As for my part I guess my behavior drove her to talk to someone who unfortunately was all to willing to listen and I'm sure has intentions of his own. I do take ownership of that as well. As for posOM, this guys a piece of work. Even though I thought him a friend he is a slug. His wife thinks he left her to pursue my wife as he has had multiple affairs in the past and she sees it happening again. He rarely sees his 2 sons and when he does roll home its anger and screaming at everyone. Now I know I'm not perfect but I treasure every moment with my boys and am heartbroken when I don't see them for a day or two.

I'm hoping that she will see this if anything is or has happened between them and realize that the grass ain't greener over there.


----------



## Conrad (Aug 6, 2010)

She won't "see" anything unless you expose their behavior.


----------



## Hockeydad (Jan 23, 2013)

I think that's being done for me by his wife and the rumor mill. We live in a small community and word travels like wildfire.
I'd rather be the good guy than the jealous husband who roars in guns blazing and screaming bloody blue murder. A couple of months ago that would have been me but not now, I don't want to step backwards anymore. As well the kids would have to suffer and I won't stand for that. If something is going down with them then I would rather them look like idiots rather then myself.


----------



## Conrad (Aug 6, 2010)

Hockeydad said:


> I'd rather be the good guy than the jealous husband who roars in guns blazing and screaming bloody blue murder.


If you think enabling an affair is stepping forward, I would have to disagree.


----------



## Hockeydad (Jan 23, 2013)

I don't think I'm enabling as I said if something is going on and I do still have my doubts. I think his wife and others will put an end to it quite quickly. As an interesting side note to that, our house which I have agreed to leave to her if this progresses to a divorce, sits right beside my fathers and on the other side of the road our next closet neighbour is posOMW's parents farm. I don't think you could make that anymore awkward if you tried!
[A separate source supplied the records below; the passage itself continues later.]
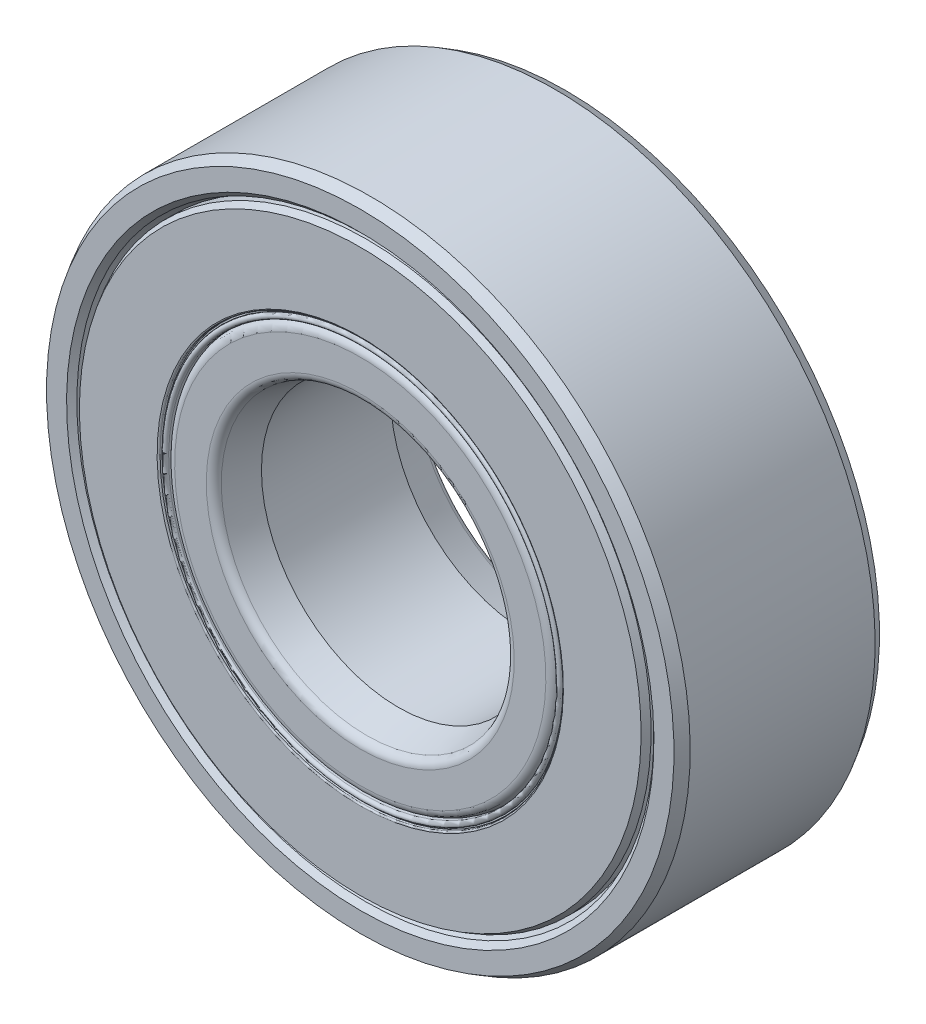
ISO-10303-21;
HEADER;
FILE_DESCRIPTION(('STEP AP214'),'2;1');
FILE_NAME('part.step','',(''),(''),'','','');
FILE_SCHEMA(('AUTOMOTIVE_DESIGN { 1 0 10303 214 1 1 1 1 }'));
ENDSEC;
DATA;
#1=APPLICATION_CONTEXT('core data for automotive mechanical design processes');
#2=APPLICATION_PROTOCOL_DEFINITION('international standard','automotive_design',2000,#1);
#3=PRODUCT_CONTEXT('',#1,'mechanical');
#4=PRODUCT('Part','Part','',(#3));
#5=PRODUCT_RELATED_PRODUCT_CATEGORY('part','',(#4));
#6=PRODUCT_DEFINITION_FORMATION('','',#4);
#7=PRODUCT_DEFINITION_CONTEXT('part definition',#1,'design');
#8=PRODUCT_DEFINITION('design','',#6,#7);
#9=PRODUCT_DEFINITION_SHAPE('','',#8);
#10=(LENGTH_UNIT() NAMED_UNIT(*) SI_UNIT(.MILLI.,.METRE.));
#11=(NAMED_UNIT(*) PLANE_ANGLE_UNIT() SI_UNIT($,.RADIAN.));
#12=(NAMED_UNIT(*) SI_UNIT($,.STERADIAN.) SOLID_ANGLE_UNIT());
#13=UNCERTAINTY_MEASURE_WITH_UNIT(LENGTH_MEASURE(1.E-05),#10,'distance_accuracy_value','');
#14=(GEOMETRIC_REPRESENTATION_CONTEXT(3) GLOBAL_UNCERTAINTY_ASSIGNED_CONTEXT((#13)) GLOBAL_UNIT_ASSIGNED_CONTEXT((#10,
#11,#12)) REPRESENTATION_CONTEXT('',''));
#15=CARTESIAN_POINT('',(0.,0.,0.));
#16=DIRECTION('',(0.,0.,1.));
#17=DIRECTION('',(1.,0.,0.));
#18=AXIS2_PLACEMENT_3D('',#15,#16,#17);
#19=CARTESIAN_POINT('',(0.,6.75745833333334,2.38125));
#20=DIRECTION('',(0.,0.,1.));
#21=DIRECTION('',(0.,-1.,0.));
#22=AXIS2_PLACEMENT_3D('',#19,#20,#21);
#23=PLANE('',#22);
#24=CARTESIAN_POINT('',(0.,0.,2.38125));
#25=DIRECTION('',(0.,0.,1.));
#26=DIRECTION('',(0.,-1.,0.));
#27=AXIS2_PLACEMENT_3D('',#24,#25,#26);
#28=CIRCLE('',#27,7.01145833333334);
#29=CARTESIAN_POINT('',(0.,-7.01145833333334,2.38125));
#30=VERTEX_POINT('',#29);
#31=EDGE_CURVE('E11',#30,#30,#28,.T.);
#32=ORIENTED_EDGE('',*,*,#31,.F.);
#33=EDGE_LOOP('',(#32));
#34=FACE_BOUND('',#33,.T.);
#35=CARTESIAN_POINT('',(0.,0.,2.38125));
#36=DIRECTION('',(0.,0.,1.));
#37=DIRECTION('',(0.,-1.,0.));
#38=AXIS2_PLACEMENT_3D('',#35,#36,#37);
#39=CIRCLE('',#38,6.75745833333334);
#40=CARTESIAN_POINT('',(0.,-6.75745833333334,2.38125));
#41=VERTEX_POINT('',#40);
#42=EDGE_CURVE('E76',#41,#41,#39,.T.);
#43=ORIENTED_EDGE('',*,*,#42,.T.);
#44=EDGE_LOOP('',(#43));
#45=FACE_BOUND('',#44,.T.);
#46=ADVANCED_FACE('F51',(#34,#45),#23,.F.);
#47=CARTESIAN_POINT('',(0.,0.,3.571875));
#48=DIRECTION('',(0.,0.,1.));
#49=DIRECTION('',(0.,-1.,0.));
#50=AXIS2_PLACEMENT_3D('',#47,#48,#49);
#51=CYLINDRICAL_SURFACE('',#50,7.01145833333334);
#52=CARTESIAN_POINT('',(0.,0.,3.3936805301339));
#53=DIRECTION('',(0.,0.,1.));
#54=DIRECTION('',(0.,-1.,0.));
#55=AXIS2_PLACEMENT_3D('',#52,#53,#54);
#56=CIRCLE('',#55,7.01145833333334);
#57=CARTESIAN_POINT('',(0.,-7.01145833333334,3.3936805301339));
#58=VERTEX_POINT('',#57);
#59=EDGE_CURVE('E57',#58,#58,#56,.T.);
#60=ORIENTED_EDGE('',*,*,#59,.F.);
#61=EDGE_LOOP('',(#60));
#62=FACE_BOUND('',#61,.T.);
#63=ORIENTED_EDGE('',*,*,#31,.T.);
#64=EDGE_LOOP('',(#63));
#65=FACE_BOUND('',#64,.T.);
#66=ADVANCED_FACE('F107',(#62,#65),#51,.T.);
#67=CARTESIAN_POINT('',(0.,0.,3.3936805301339));
#68=DIRECTION('',(0.,0.,-1.));
#69=DIRECTION('',(0.,1.,0.));
#70=AXIS2_PLACEMENT_3D('',#67,#68,#69);
#71=CONICAL_SURFACE('',#70,7.01145833333334,0.174532925199467);
#72=CARTESIAN_POINT('',(0.,0.,3.45621582245017));
#73=DIRECTION('',(0.,0.,1.));
#74=DIRECTION('',(0.,-1.,0.));
#75=AXIS2_PLACEMENT_3D('',#72,#73,#74);
#76=CIRCLE('',#75,7.00043167405148);
#77=CARTESIAN_POINT('',(0.,-7.00043167405148,3.45621582245017));
#78=VERTEX_POINT('',#77);
#79=EDGE_CURVE('E61',#78,#78,#76,.T.);
#80=ORIENTED_EDGE('',*,*,#79,.F.);
#81=EDGE_LOOP('',(#80));
#82=FACE_BOUND('',#81,.T.);
#83=ORIENTED_EDGE('',*,*,#59,.T.);
#84=EDGE_LOOP('',(#83));
#85=FACE_BOUND('',#84,.T.);
#86=ADVANCED_FACE('F102',(#82,#85),#71,.T.);
#87=CARTESIAN_POINT('',(0.,0.,3.451625));
#88=DIRECTION('',(0.,0.,1.));
#89=DIRECTION('',(0.,-1.,0.));
#90=AXIS2_PLACEMENT_3D('',#87,#88,#89);
#91=TOROIDAL_SURFACE('',#90,6.97439582615274,0.0264374928193996);
#92=CARTESIAN_POINT('',(0.,0.,3.451625));
#93=DIRECTION('',(0.,0.,1.));
#94=DIRECTION('',(0.,-1.,0.));
#95=AXIS2_PLACEMENT_3D('',#92,#93,#94);
#96=CIRCLE('',#95,6.94795833333334);
#97=CARTESIAN_POINT('',(0.,-6.94795833333334,3.451625));
#98=VERTEX_POINT('',#97);
#99=EDGE_CURVE('E65',#98,#98,#96,.T.);
#100=ORIENTED_EDGE('',*,*,#99,.F.);
#101=EDGE_LOOP('',(#100));
#102=FACE_BOUND('',#101,.T.);
#103=ORIENTED_EDGE('',*,*,#79,.T.);
#104=EDGE_LOOP('',(#103));
#105=FACE_BOUND('',#104,.T.);
#106=ADVANCED_FACE('F96',(#102,#105),#91,.T.);
#107=CARTESIAN_POINT('',(0.,0.,3.571875));
#108=DIRECTION('',(0.,0.,1.));
#109=DIRECTION('',(0.,-1.,0.));
#110=AXIS2_PLACEMENT_3D('',#107,#108,#109);
#111=CYLINDRICAL_SURFACE('',#110,6.94795833333334);
#112=CARTESIAN_POINT('',(0.,0.,3.476625));
#113=DIRECTION('',(0.,0.,1.));
#114=DIRECTION('',(0.,-1.,0.));
#115=AXIS2_PLACEMENT_3D('',#112,#113,#114);
#116=CIRCLE('',#115,6.94795833333334);
#117=CARTESIAN_POINT('',(0.,-6.94795833333334,3.476625));
#118=VERTEX_POINT('',#117);
#119=EDGE_CURVE('E70',#118,#118,#116,.T.);
#120=ORIENTED_EDGE('',*,*,#119,.F.);
#121=EDGE_LOOP('',(#120));
#122=FACE_BOUND('',#121,.T.);
#123=ORIENTED_EDGE('',*,*,#99,.T.);
#124=EDGE_LOOP('',(#123));
#125=FACE_BOUND('',#124,.T.);
#126=ADVANCED_FACE('F90',(#122,#125),#111,.T.);
#127=CARTESIAN_POINT('',(0.,0.,3.476625));
#128=DIRECTION('',(0.,0.,1.));
#129=DIRECTION('',(0.,-1.,0.));
#130=AXIS2_PLACEMENT_3D('',#127,#128,#129);
#131=TOROIDAL_SURFACE('',#130,6.85270833333334,0.0952499999999998);
#132=CARTESIAN_POINT('',(0.,0.,3.476625));
#133=DIRECTION('',(0.,0.,1.));
#134=DIRECTION('',(0.,-1.,0.));
#135=AXIS2_PLACEMENT_3D('',#132,#133,#134);
#136=CIRCLE('',#135,6.75745833333334);
#137=CARTESIAN_POINT('',(0.,-6.75745833333334,3.476625));
#138=VERTEX_POINT('',#137);
#139=EDGE_CURVE('E73',#138,#138,#136,.T.);
#140=ORIENTED_EDGE('',*,*,#139,.F.);
#141=EDGE_LOOP('',(#140));
#142=FACE_BOUND('',#141,.T.);
#143=ORIENTED_EDGE('',*,*,#119,.T.);
#144=EDGE_LOOP('',(#143));
#145=FACE_BOUND('',#144,.T.);
#146=ADVANCED_FACE('F84',(#142,#145),#131,.T.);
#147=CARTESIAN_POINT('',(0.,0.,3.571875));
#148=DIRECTION('',(0.,0.,1.));
#149=DIRECTION('',(0.,-1.,0.));
#150=AXIS2_PLACEMENT_3D('',#147,#148,#149);
#151=CYLINDRICAL_SURFACE('',#150,6.75745833333334);
#152=ORIENTED_EDGE('',*,*,#42,.F.);
#153=EDGE_LOOP('',(#152));
#154=FACE_BOUND('',#153,.T.);
#155=ORIENTED_EDGE('',*,*,#139,.T.);
#156=EDGE_LOOP('',(#155));
#157=FACE_BOUND('',#156,.T.);
#158=ADVANCED_FACE('F81',(#154,#157),#151,.F.);
#159=CLOSED_SHELL('',(#46,#66,#86,#106,#126,#146,#158));
#160=MANIFOLD_SOLID_BREP('B2',#159);
#161=CARTESIAN_POINT('',(0.,0.,-3.571875));
#162=DIRECTION('',(0.,0.,1.));
#163=DIRECTION('',(0.,-1.,0.));
#164=AXIS2_PLACEMENT_3D('',#161,#162,#163);
#165=CONICAL_SURFACE('',#164,9.763125,0.523598775598295);
#166=CARTESIAN_POINT('',(0.,0.,-3.35190454743876));
#167=DIRECTION('',(0.,0.,1.));
#168=DIRECTION('',(0.,-1.,0.));
#169=AXIS2_PLACEMENT_3D('',#166,#167,#168);
#170=CIRCLE('',#169,9.890125);
#171=CARTESIAN_POINT('',(0.,-9.890125,-3.35190454743876));
#172=VERTEX_POINT('',#171);
#173=EDGE_CURVE('E187',#172,#172,#170,.T.);
#174=ORIENTED_EDGE('',*,*,#173,.F.);
#175=EDGE_LOOP('',(#174));
#176=FACE_BOUND('',#175,.T.);
#177=CARTESIAN_POINT('',(0.,0.,-3.571875));
#178=DIRECTION('',(0.,0.,1.));
#179=DIRECTION('',(0.,-1.,0.));
#180=AXIS2_PLACEMENT_3D('',#177,#178,#179);
#181=CIRCLE('',#180,9.763125);
#182=CARTESIAN_POINT('',(0.,-9.763125,-3.57187500000001));
#183=VERTEX_POINT('',#182);
#184=EDGE_CURVE('E50',#183,#183,#181,.T.);
#185=ORIENTED_EDGE('',*,*,#184,.T.);
#186=EDGE_LOOP('',(#185));
#187=FACE_BOUND('',#186,.T.);
#188=ADVANCED_FACE('F165',(#176,#187),#165,.T.);
#189=CARTESIAN_POINT('',(0.,9.763125,-3.571875));
#190=DIRECTION('',(0.,0.,1.));
#191=DIRECTION('',(0.,-1.,0.));
#192=AXIS2_PLACEMENT_3D('',#189,#190,#191);
#193=PLANE('',#192);
#194=ORIENTED_EDGE('',*,*,#184,.F.);
#195=EDGE_LOOP('',(#194));
#196=FACE_BOUND('',#195,.T.);
#197=CARTESIAN_POINT('',(0.,0.,-3.57187500000001));
#198=DIRECTION('',(0.,0.,1.));
#199=DIRECTION('',(0.,-1.,0.));
#200=AXIS2_PLACEMENT_3D('',#197,#198,#199);
#201=CIRCLE('',#200,7.06225833333334);
#202=CARTESIAN_POINT('',(0.,-7.06225833333333,-3.57187500000001));
#203=VERTEX_POINT('',#202);
#204=EDGE_CURVE('E171',#203,#203,#201,.T.);
#205=ORIENTED_EDGE('',*,*,#204,.T.);
#206=EDGE_LOOP('',(#205));
#207=FACE_BOUND('',#206,.T.);
#208=ADVANCED_FACE('F194',(#196,#207),#193,.F.);
#209=CARTESIAN_POINT('',(0.,0.,-3.521075));
#210=DIRECTION('',(0.,0.,1.));
#211=DIRECTION('',(0.,-1.,0.));
#212=AXIS2_PLACEMENT_3D('',#209,#210,#211);
#213=TOROIDAL_SURFACE('',#212,7.06225833333334,0.0508000000000004);
#214=ORIENTED_EDGE('',*,*,#204,.F.);
#215=EDGE_LOOP('',(#214));
#216=FACE_BOUND('',#215,.T.);
#217=CARTESIAN_POINT('',(0.,0.,-3.521075));
#218=DIRECTION('',(0.,0.,1.));
#219=DIRECTION('',(0.,-1.,0.));
#220=AXIS2_PLACEMENT_3D('',#217,#218,#219);
#221=CIRCLE('',#220,7.01145833333333);
#222=CARTESIAN_POINT('',(0.,-7.01145833333333,-3.52107500000001));
#223=VERTEX_POINT('',#222);
#224=EDGE_CURVE('E175',#223,#223,#221,.T.);
#225=ORIENTED_EDGE('',*,*,#224,.T.);
#226=EDGE_LOOP('',(#225));
#227=FACE_BOUND('',#226,.T.);
#228=ADVANCED_FACE('F198',(#216,#227),#213,.T.);
#229=CARTESIAN_POINT('',(0.,0.,3.571875));
#230=DIRECTION('',(0.,0.,1.));
#231=DIRECTION('',(0.,-1.,0.));
#232=AXIS2_PLACEMENT_3D('',#229,#230,#231);
#233=CYLINDRICAL_SURFACE('',#232,7.01145833333333);
#234=ORIENTED_EDGE('',*,*,#224,.F.);
#235=EDGE_LOOP('',(#234));
#236=FACE_BOUND('',#235,.T.);
#237=CARTESIAN_POINT('',(0.,0.,-2.38125));
#238=DIRECTION('',(0.,0.,1.));
#239=DIRECTION('',(0.,-1.,0.));
#240=AXIS2_PLACEMENT_3D('',#237,#238,#239);
#241=CIRCLE('',#240,7.01145833333334);
#242=CARTESIAN_POINT('',(0.,-7.01145833333333,-2.38125));
#243=VERTEX_POINT('',#242);
#244=EDGE_CURVE('E179',#243,#243,#241,.T.);
#245=ORIENTED_EDGE('',*,*,#244,.T.);
#246=EDGE_LOOP('',(#245));
#247=FACE_BOUND('',#246,.T.);
#248=ADVANCED_FACE('F203',(#236,#247),#233,.F.);
#249=CARTESIAN_POINT('',(0.,9.890125,-2.38125));
#250=DIRECTION('',(0.,0.,-1.));
#251=DIRECTION('',(0.,1.,0.));
#252=AXIS2_PLACEMENT_3D('',#249,#250,#251);
#253=PLANE('',#252);
#254=ORIENTED_EDGE('',*,*,#244,.F.);
#255=EDGE_LOOP('',(#254));
#256=FACE_BOUND('',#255,.T.);
#257=CARTESIAN_POINT('',(0.,0.,-2.38125));
#258=DIRECTION('',(0.,0.,1.));
#259=DIRECTION('',(0.,-1.,0.));
#260=AXIS2_PLACEMENT_3D('',#257,#258,#259);
#261=CIRCLE('',#260,9.890125);
#262=CARTESIAN_POINT('',(0.,-9.890125,-2.38125));
#263=VERTEX_POINT('',#262);
#264=EDGE_CURVE('E184',#263,#263,#261,.T.);
#265=ORIENTED_EDGE('',*,*,#264,.T.);
#266=EDGE_LOOP('',(#265));
#267=FACE_BOUND('',#266,.T.);
#268=ADVANCED_FACE('F209',(#256,#267),#253,.F.);
#269=CARTESIAN_POINT('',(0.,0.,3.571875));
#270=DIRECTION('',(0.,0.,1.));
#271=DIRECTION('',(0.,-1.,0.));
#272=AXIS2_PLACEMENT_3D('',#269,#270,#271);
#273=CYLINDRICAL_SURFACE('',#272,9.890125);
#274=ORIENTED_EDGE('',*,*,#264,.F.);
#275=EDGE_LOOP('',(#274));
#276=FACE_BOUND('',#275,.T.);
#277=ORIENTED_EDGE('',*,*,#173,.T.);
#278=EDGE_LOOP('',(#277));
#279=FACE_BOUND('',#278,.T.);
#280=ADVANCED_FACE('F191',(#276,#279),#273,.T.);
#281=CLOSED_SHELL('',(#188,#208,#228,#248,#268,#280));
#282=MANIFOLD_SOLID_BREP('B6',#281);
#283=CARTESIAN_POINT('',(0.,9.890125,2.38125));
#284=DIRECTION('',(0.,0.,1.));
#285=DIRECTION('',(0.,-1.,0.));
#286=AXIS2_PLACEMENT_3D('',#283,#284,#285);
#287=PLANE('',#286);
#288=CARTESIAN_POINT('',(0.,0.,2.38125));
#289=DIRECTION('',(0.,0.,1.));
#290=DIRECTION('',(0.,-1.,0.));
#291=AXIS2_PLACEMENT_3D('',#288,#289,#290);
#292=CIRCLE('',#291,9.890125);
#293=CARTESIAN_POINT('',(0.,-9.890125,2.38125));
#294=VERTEX_POINT('',#293);
#295=EDGE_CURVE('E164',#294,#294,#292,.T.);
#296=ORIENTED_EDGE('',*,*,#295,.F.);
#297=EDGE_LOOP('',(#296));
#298=FACE_BOUND('',#297,.T.);
#299=CARTESIAN_POINT('',(0.,0.,2.38125));
#300=DIRECTION('',(0.,0.,1.));
#301=DIRECTION('',(0.,-1.,0.));
#302=AXIS2_PLACEMENT_3D('',#299,#300,#301);
#303=CIRCLE('',#302,7.01145833333334);
#304=CARTESIAN_POINT('',(0.,-7.01145833333334,2.38125));
#305=VERTEX_POINT('',#304);
#306=EDGE_CURVE('E284',#305,#305,#303,.T.);
#307=ORIENTED_EDGE('',*,*,#306,.T.);
#308=EDGE_LOOP('',(#307));
#309=FACE_BOUND('',#308,.T.);
#310=ADVANCED_FACE('F262',(#298,#309),#287,.F.);
#311=CARTESIAN_POINT('',(0.,0.,3.571875));
#312=DIRECTION('',(0.,0.,1.));
#313=DIRECTION('',(0.,-1.,0.));
#314=AXIS2_PLACEMENT_3D('',#311,#312,#313);
#315=CYLINDRICAL_SURFACE('',#314,9.890125);
#316=CARTESIAN_POINT('',(0.,0.,3.35190454743875));
#317=DIRECTION('',(0.,0.,1.));
#318=DIRECTION('',(0.,-1.,0.));
#319=AXIS2_PLACEMENT_3D('',#316,#317,#318);
#320=CIRCLE('',#319,9.890125);
#321=CARTESIAN_POINT('',(0.,-9.890125,3.35190454743875));
#322=VERTEX_POINT('',#321);
#323=EDGE_CURVE('E268',#322,#322,#320,.T.);
#324=ORIENTED_EDGE('',*,*,#323,.F.);
#325=EDGE_LOOP('',(#324));
#326=FACE_BOUND('',#325,.T.);
#327=ORIENTED_EDGE('',*,*,#295,.T.);
#328=EDGE_LOOP('',(#327));
#329=FACE_BOUND('',#328,.T.);
#330=ADVANCED_FACE('F309',(#326,#329),#315,.T.);
#331=CARTESIAN_POINT('',(0.,0.,3.35190454743875));
#332=DIRECTION('',(0.,0.,-1.));
#333=DIRECTION('',(0.,1.,0.));
#334=AXIS2_PLACEMENT_3D('',#331,#332,#333);
#335=CONICAL_SURFACE('',#334,9.890125,0.523598775598299);
#336=CARTESIAN_POINT('',(0.,0.,3.571875));
#337=DIRECTION('',(0.,0.,1.));
#338=DIRECTION('',(0.,-1.,0.));
#339=AXIS2_PLACEMENT_3D('',#336,#337,#338);
#340=CIRCLE('',#339,9.763125);
#341=CARTESIAN_POINT('',(0.,-9.763125,3.571875));
#342=VERTEX_POINT('',#341);
#343=EDGE_CURVE('E272',#342,#342,#340,.T.);
#344=ORIENTED_EDGE('',*,*,#343,.F.);
#345=EDGE_LOOP('',(#344));
#346=FACE_BOUND('',#345,.T.);
#347=ORIENTED_EDGE('',*,*,#323,.T.);
#348=EDGE_LOOP('',(#347));
#349=FACE_BOUND('',#348,.T.);
#350=ADVANCED_FACE('F304',(#346,#349),#335,.T.);
#351=CARTESIAN_POINT('',(0.,9.763125,3.571875));
#352=DIRECTION('',(0.,0.,-1.));
#353=DIRECTION('',(0.,1.,0.));
#354=AXIS2_PLACEMENT_3D('',#351,#352,#353);
#355=PLANE('',#354);
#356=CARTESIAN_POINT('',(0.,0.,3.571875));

I do want to have a reconciliation to our marriage above all but I'm smart enough now to know that if that doesn't happen then life does go on and I'll make it the best I can for my sons and I.


----------



## Conrad (Aug 6, 2010)

Hockeydad said:


> I don't think I'm enabling as I said if something is going on and I do still have my doubts. I think his wife and others will put an end to it quite quickly. As an interesting side note to that, our house which I have agreed to leave to her if this progresses to a divorce, sits right beside my fathers and on the other side of the road our next closet neighbour is posOMW's parents farm. I don't think you could make that anymore awkward if you tried!
> 
> I do want to have a reconciliation to our marriage above all but I'm smart enough now to know that if that doesn't happen then life does go on and I'll make it the best I can for my sons and I.


Reconciliation will never happen if you don't stand up for the relationship. Counting on others to stand up for your relationship is a poor substitute - and you will appear weak to her.

Women are not attracted to weakness.


----------



## northland (Apr 13, 2012)

Hockeydad said:


> As an interesting side note to that, our house which I have agreed to leave to her if this progresses to a divorce


Its interesting that you are already agreeing to give her the house and you aren't even getting divorced yet.

What did you get in return?

Once you agree to something it's hard to take it back when things get ugly and negotiations start because she now knows what you're willing to part with.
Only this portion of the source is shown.